Segment Start: Task inputs

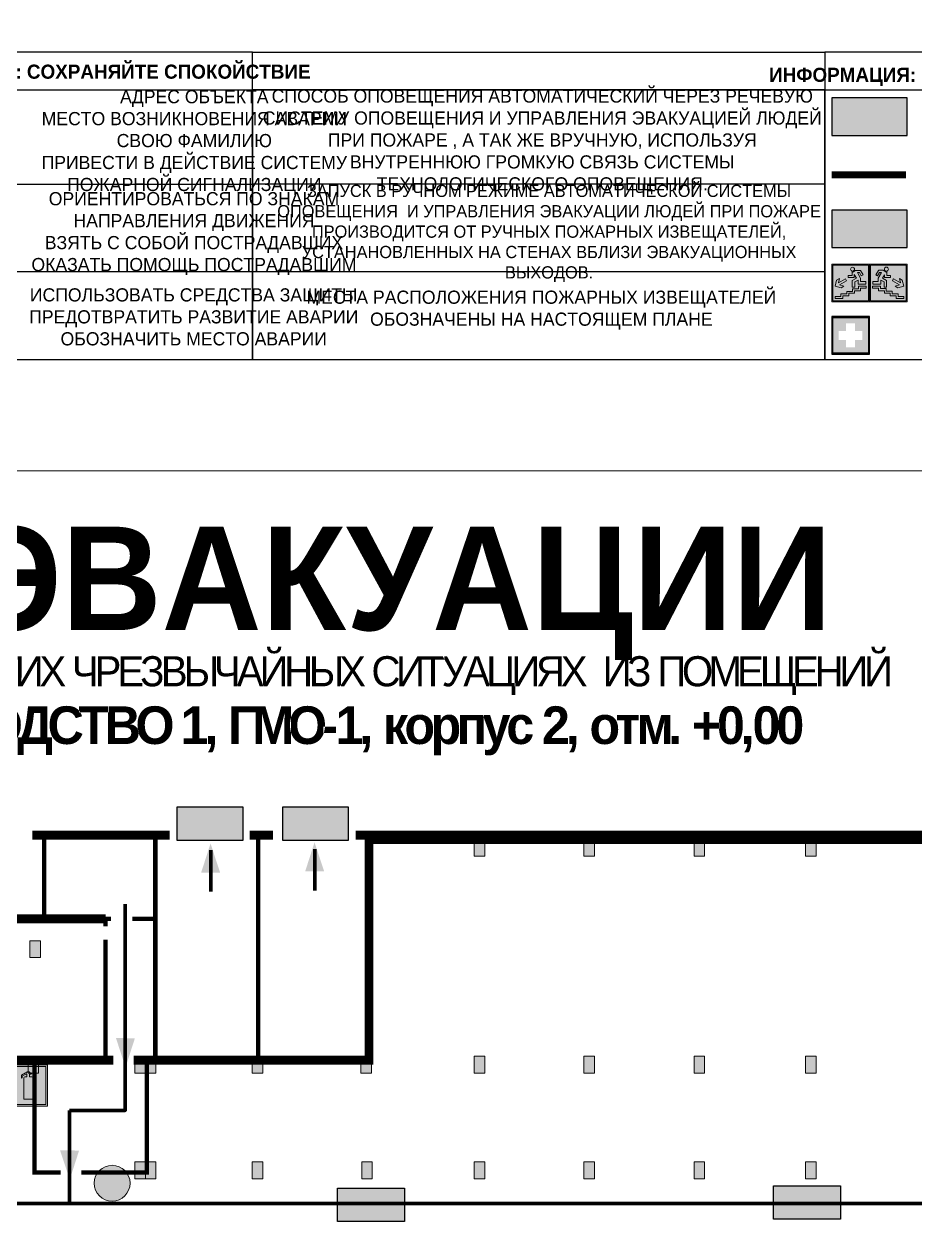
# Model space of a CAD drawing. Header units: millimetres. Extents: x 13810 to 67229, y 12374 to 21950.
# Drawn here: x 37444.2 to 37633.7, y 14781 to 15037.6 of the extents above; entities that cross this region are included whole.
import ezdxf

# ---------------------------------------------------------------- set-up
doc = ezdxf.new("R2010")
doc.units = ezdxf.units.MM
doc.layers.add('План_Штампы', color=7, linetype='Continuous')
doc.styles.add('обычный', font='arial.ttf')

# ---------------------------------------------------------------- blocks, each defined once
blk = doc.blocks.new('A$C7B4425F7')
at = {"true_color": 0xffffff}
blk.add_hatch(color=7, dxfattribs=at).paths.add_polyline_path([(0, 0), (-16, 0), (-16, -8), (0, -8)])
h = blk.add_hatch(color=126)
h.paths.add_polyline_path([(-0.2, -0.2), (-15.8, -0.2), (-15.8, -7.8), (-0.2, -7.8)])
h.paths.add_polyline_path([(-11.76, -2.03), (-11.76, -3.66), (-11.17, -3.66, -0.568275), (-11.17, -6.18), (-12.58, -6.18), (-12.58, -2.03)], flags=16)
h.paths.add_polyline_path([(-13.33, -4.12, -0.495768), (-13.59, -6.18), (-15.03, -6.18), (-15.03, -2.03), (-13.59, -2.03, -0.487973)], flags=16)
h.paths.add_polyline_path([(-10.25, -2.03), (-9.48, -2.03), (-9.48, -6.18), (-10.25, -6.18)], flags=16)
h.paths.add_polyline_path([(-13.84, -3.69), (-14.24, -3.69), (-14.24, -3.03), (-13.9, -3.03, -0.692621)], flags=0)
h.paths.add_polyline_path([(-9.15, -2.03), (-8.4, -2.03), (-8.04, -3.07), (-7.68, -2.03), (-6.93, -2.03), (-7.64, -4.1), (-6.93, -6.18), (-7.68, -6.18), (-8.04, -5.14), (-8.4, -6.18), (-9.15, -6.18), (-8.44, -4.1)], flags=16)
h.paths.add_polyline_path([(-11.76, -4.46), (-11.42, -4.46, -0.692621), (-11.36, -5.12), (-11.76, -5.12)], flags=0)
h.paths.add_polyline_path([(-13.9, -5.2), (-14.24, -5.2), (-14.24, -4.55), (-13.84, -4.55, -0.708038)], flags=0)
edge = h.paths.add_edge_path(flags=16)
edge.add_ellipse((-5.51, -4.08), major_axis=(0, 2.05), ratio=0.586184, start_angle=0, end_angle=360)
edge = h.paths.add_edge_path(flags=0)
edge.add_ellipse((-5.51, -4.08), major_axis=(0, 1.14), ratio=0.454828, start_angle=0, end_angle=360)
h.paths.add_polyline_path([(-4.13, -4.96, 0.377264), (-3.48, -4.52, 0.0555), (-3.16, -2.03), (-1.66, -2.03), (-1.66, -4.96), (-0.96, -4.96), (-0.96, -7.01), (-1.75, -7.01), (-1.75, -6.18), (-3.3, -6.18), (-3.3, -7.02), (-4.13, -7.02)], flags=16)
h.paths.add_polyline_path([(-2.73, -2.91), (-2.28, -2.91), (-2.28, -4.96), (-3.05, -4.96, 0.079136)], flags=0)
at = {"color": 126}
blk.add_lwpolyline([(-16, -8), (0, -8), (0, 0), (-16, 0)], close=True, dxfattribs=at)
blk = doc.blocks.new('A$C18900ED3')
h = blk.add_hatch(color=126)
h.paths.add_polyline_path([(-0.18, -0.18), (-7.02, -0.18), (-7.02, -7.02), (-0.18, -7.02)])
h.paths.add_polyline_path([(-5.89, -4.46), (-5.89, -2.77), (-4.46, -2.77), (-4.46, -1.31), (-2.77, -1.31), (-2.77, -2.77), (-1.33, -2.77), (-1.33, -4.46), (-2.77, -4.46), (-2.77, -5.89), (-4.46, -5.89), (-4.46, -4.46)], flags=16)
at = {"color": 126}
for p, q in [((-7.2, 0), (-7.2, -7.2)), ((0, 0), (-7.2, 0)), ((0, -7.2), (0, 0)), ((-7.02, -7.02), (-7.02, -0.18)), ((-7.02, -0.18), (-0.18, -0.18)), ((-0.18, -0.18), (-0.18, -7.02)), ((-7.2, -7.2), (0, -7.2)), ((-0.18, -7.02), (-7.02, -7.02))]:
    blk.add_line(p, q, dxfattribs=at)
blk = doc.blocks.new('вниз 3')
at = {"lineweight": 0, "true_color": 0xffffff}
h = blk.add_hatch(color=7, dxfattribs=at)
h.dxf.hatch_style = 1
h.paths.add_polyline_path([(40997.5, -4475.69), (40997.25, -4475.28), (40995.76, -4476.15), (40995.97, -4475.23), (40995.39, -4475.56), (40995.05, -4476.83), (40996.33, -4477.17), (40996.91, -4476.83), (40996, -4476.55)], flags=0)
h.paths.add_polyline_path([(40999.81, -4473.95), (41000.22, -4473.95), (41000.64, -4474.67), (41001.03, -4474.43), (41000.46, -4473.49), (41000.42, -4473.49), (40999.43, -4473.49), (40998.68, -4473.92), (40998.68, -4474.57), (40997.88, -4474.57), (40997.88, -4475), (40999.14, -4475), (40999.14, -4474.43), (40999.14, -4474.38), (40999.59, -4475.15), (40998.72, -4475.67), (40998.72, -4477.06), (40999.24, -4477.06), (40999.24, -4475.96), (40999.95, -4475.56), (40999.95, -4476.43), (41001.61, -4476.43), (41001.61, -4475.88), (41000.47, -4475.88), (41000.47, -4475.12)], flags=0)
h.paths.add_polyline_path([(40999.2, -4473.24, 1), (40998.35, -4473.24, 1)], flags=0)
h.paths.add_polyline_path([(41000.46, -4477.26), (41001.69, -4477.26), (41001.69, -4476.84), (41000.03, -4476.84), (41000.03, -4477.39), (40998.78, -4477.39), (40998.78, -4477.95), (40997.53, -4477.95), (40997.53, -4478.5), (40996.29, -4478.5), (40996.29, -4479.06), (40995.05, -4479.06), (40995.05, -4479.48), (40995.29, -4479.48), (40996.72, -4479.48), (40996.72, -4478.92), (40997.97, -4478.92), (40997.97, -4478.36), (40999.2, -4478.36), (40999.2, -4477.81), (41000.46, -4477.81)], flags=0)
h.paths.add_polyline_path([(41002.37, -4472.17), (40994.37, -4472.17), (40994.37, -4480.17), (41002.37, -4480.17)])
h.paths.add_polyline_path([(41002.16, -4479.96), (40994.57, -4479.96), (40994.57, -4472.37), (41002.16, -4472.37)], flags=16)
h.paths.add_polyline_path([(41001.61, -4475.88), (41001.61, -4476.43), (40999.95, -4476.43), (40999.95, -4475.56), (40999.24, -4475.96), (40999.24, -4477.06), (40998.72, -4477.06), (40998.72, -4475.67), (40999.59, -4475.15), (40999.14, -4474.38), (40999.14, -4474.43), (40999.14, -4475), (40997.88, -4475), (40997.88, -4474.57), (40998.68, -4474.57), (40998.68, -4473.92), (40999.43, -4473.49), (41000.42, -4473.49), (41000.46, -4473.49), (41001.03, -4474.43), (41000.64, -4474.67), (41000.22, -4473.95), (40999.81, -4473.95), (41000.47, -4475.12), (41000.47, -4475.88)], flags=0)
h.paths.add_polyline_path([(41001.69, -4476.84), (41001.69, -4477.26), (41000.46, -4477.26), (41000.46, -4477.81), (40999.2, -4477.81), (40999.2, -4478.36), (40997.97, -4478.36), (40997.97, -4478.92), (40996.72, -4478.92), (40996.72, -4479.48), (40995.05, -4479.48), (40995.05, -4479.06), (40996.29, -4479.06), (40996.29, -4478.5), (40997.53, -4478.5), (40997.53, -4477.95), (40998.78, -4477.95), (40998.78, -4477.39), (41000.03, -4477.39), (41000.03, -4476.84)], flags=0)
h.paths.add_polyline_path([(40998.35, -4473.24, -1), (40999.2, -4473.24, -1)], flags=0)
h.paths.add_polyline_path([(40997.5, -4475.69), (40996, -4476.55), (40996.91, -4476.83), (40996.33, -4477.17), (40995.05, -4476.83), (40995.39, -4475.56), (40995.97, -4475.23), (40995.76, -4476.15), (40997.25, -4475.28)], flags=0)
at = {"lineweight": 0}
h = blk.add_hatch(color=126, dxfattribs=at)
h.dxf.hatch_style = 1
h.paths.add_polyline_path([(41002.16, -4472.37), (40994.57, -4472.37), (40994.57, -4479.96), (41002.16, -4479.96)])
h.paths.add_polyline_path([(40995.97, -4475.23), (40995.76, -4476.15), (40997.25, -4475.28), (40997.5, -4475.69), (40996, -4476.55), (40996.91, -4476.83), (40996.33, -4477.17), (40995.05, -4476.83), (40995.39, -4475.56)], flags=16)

Segment End: Task inputs

## Exercise details
In the listing above, find the line containing "(-4.13, -7.02)], flags=16)" and the line containing "-7.02), (-0.18, -7.02)])", then repeat those two lines and everything between them exactly.

## Response
h.paths.add_polyline_path([(-4.13, -4.96, 0.377264), (-3.48, -4.52, 0.0555), (-3.16, -2.03), (-1.66, -2.03), (-1.66, -4.96), (-0.96, -4.96), (-0.96, -7.01), (-1.75, -7.01), (-1.75, -6.18), (-3.3, -6.18), (-3.3, -7.02), (-4.13, -7.02)], flags=16)
h.paths.add_polyline_path([(-2.73, -2.91), (-2.28, -2.91), (-2.28, -4.96), (-3.05, -4.96, 0.079136)], flags=0)
at = {"color": 126}
blk.add_lwpolyline([(-16, -8), (0, -8), (0, 0), (-16, 0)], close=True, dxfattribs=at)
blk = doc.blocks.new('A$C18900ED3')
h = blk.add_hatch(color=126)
h.paths.add_polyline_path([(-0.18, -0.18), (-7.02, -0.18), (-7.02, -7.02), (-0.18, -7.02)])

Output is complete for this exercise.